The white and black dots in :numref:`figEvaluatedResults`
are the ten given points.

Exercises
---------

1. How many parameters are in the neural network
   defined by the function :math:`F(x)`?  Justify your answer.

2. Examine the computational cost 
   to evaluate :math:`\nabla \mbox{Cost}(p)`
   of our :math:`\displaystyle F(x) = \sigma(~\!\mbox{W4 }\!
   \sigma(~\!\mbox{W3 }\! \sigma(~\!\mbox{W2 }\!\mbox{x} + \mbox{b2})
   + \mbox{b3}) + \mbox{b4})`.

3. How fast did the stochastic gradient method converge?
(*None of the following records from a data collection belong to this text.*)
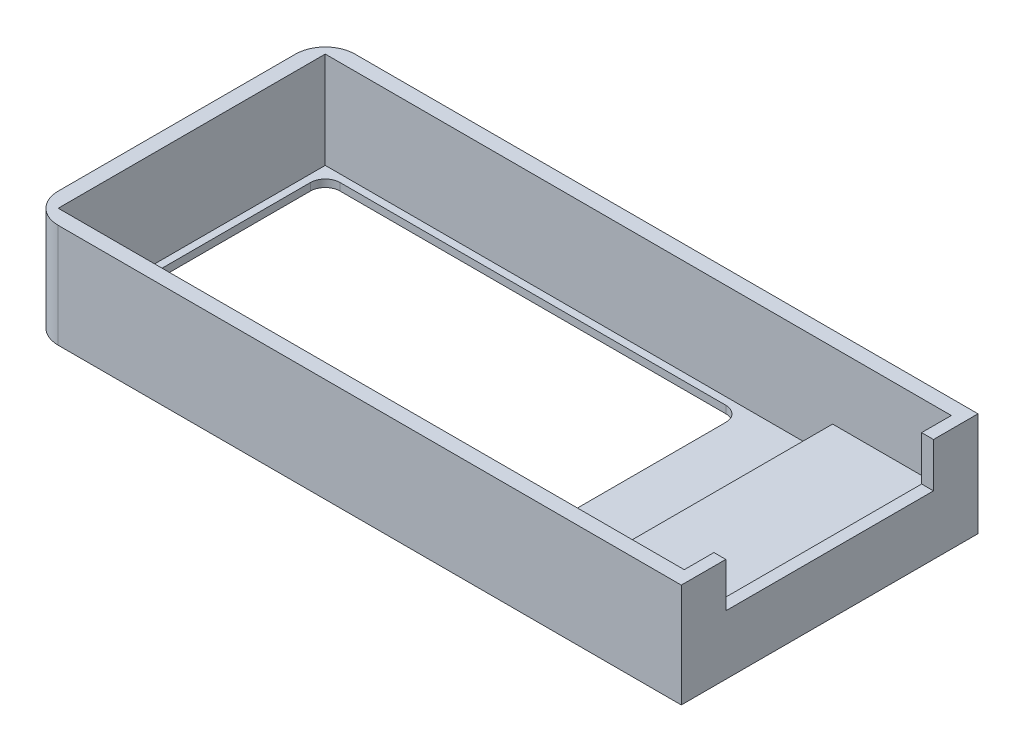
SolidWorks part; units mm, degrees
ref_plane "Front Plane" through (0, 0, 0) normal (0, 0, 1) x (1, 0, 0)
ref_plane "Top Plane" through (0, 0, 0) normal (0, 1, 0) x (1, 0, 0)
ref_plane "Right Plane" through (0, 0, 0) normal (1, 0, 0) x (0, 0, -1)
sketch "Sketch1" plane through (0, 0, 0) normal (0, 1, 0) x (1, 0, 0)
  line L1 (0, 0) -> (44, 0)
  line L2 (0, 0) -> (0, 20)
  line L3 (0, 20) -> (44, 20)
  line L4 (44, 0) -> (44, 20)
  dimension "D1" = 44
  dimension "D2" = 20
extrude "Boss-Extrude1" add sketch "Sketch1" along normal blind 7
sketch "Sketch2" plane through (0, 7, 0) normal (0, 1, 0) x (1, 0, 0)
  line L0 (44, 20) -> (0, 20) construction
  line L1 (1, 19) -> (43.2, 19)
  line L2 (1, 19) -> (1, 1)
  line L3 (1, 1) -> (43.2, 1)
  line L4 (43.2, 19) -> (43.2, 1)
  line L5 (0, 0) -> (44, 0) construction
  line L6 (0, 20) -> (0, 0) construction
  dimension "D1" = 1
  dimension "D2" = 1
  dimension "D3" = 1
  dimension "D4" = 42.2
extrude "Cut-Extrude1" cut sketch "Sketch2" against normal blind 6.5
sketch "Sketch3" plane through (0, 0.5, 0) normal (0, 1, 0) x (1, 0, 0)
  line L0 (1, 19) -> (1, 1) construction
  line L1 (1.5, 18.5) -> (29.5, 18.5)
  line L2 (1.5, 18.5) -> (1.5, 1.5)
  line L3 (1.5, 1.5) -> (29.5, 1.5)
  line L4 (29.5, 18.5) -> (29.5, 1.5)
  line L5 (43.2, 19) -> (1, 19) construction
  line L6 (1, 1) -> (43.2, 1) construction
  dimension "D1" = 0.5
  dimension "D2" = 0.5
  dimension "D3" = 0.5
  dimension "D4" = 28
extrude "Cut-Extrude2" cut sketch "Sketch3" against normal up to next
sketch "Sketch4" plane through (0, 0.5, 0) normal (0, 1, 0) x (1, 0, 0)
  line L0 (43.2, 19) -> (1, 19) construction
  line L1 (35.2, 19) -> (43.2, 19)
  line L2 (35.2, 19) -> (35.2, 1)
  line L3 (35.2, 1) -> (43.2, 1)
  line L4 (43.2, 19) -> (43.2, 1)
  dimension "D1" = 8
extrude "Boss-Extrude2" add sketch "Sketch4" along normal blind 2
sketch "Sketch5" plane through (0, 7, 0) normal (0, 1, 0) x (1, 0, 0)
  line L0 (43.2, 1) -> (43.2, 19) construction
  line L1 (43.2, 17) -> (44, 17)
  line L2 (43.2, 17) -> (43.2, 3)
  line L3 (43.2, 3) -> (44, 3)
  line L4 (44, 17) -> (44, 3)
  line L5 (44, 0) -> (44, 20) construction
  line L6 (43.2, 19) -> (1, 19) construction
  line L7 (35.2, 1) -> (43.2, 1) construction
  dimension "D1" = 2
  dimension "D2" = 2
extrude "Cut-Extrude3" cut sketch "Sketch5" against normal blind 3
fillet "Fillet1" radius 2 2 edges at (0, 3.5, -20) (0, 3.5, 0)
fillet "Fillet2" radius 1 4 edges at (29.5, 0.25, -18.5) (29.5, 0.25, -1.5) (1.5, 0.25, -18.5) (1.5, 0.25, -1.5)

   1. Write a function to evaluate :math:`\mbox{Cost}(p)`.

   2. Call the function in the code to train the network,
      at each step, store the value of the cost function.

   3. Make a plot of the cost over all steps in the code.

Bibliography
------------

1. Gerard Dreyfus:
   *Neural Networks.  Methodology and Applications.*
   Springer-Verlag 2005.

2. Catherine F. Higham and Desmond J. Higham:
   **Deep Learning: An Introduction for Applied Mathematicians.**
   *SIAM Review*, Vol. 61, No. 4, pages 860-891, 2019.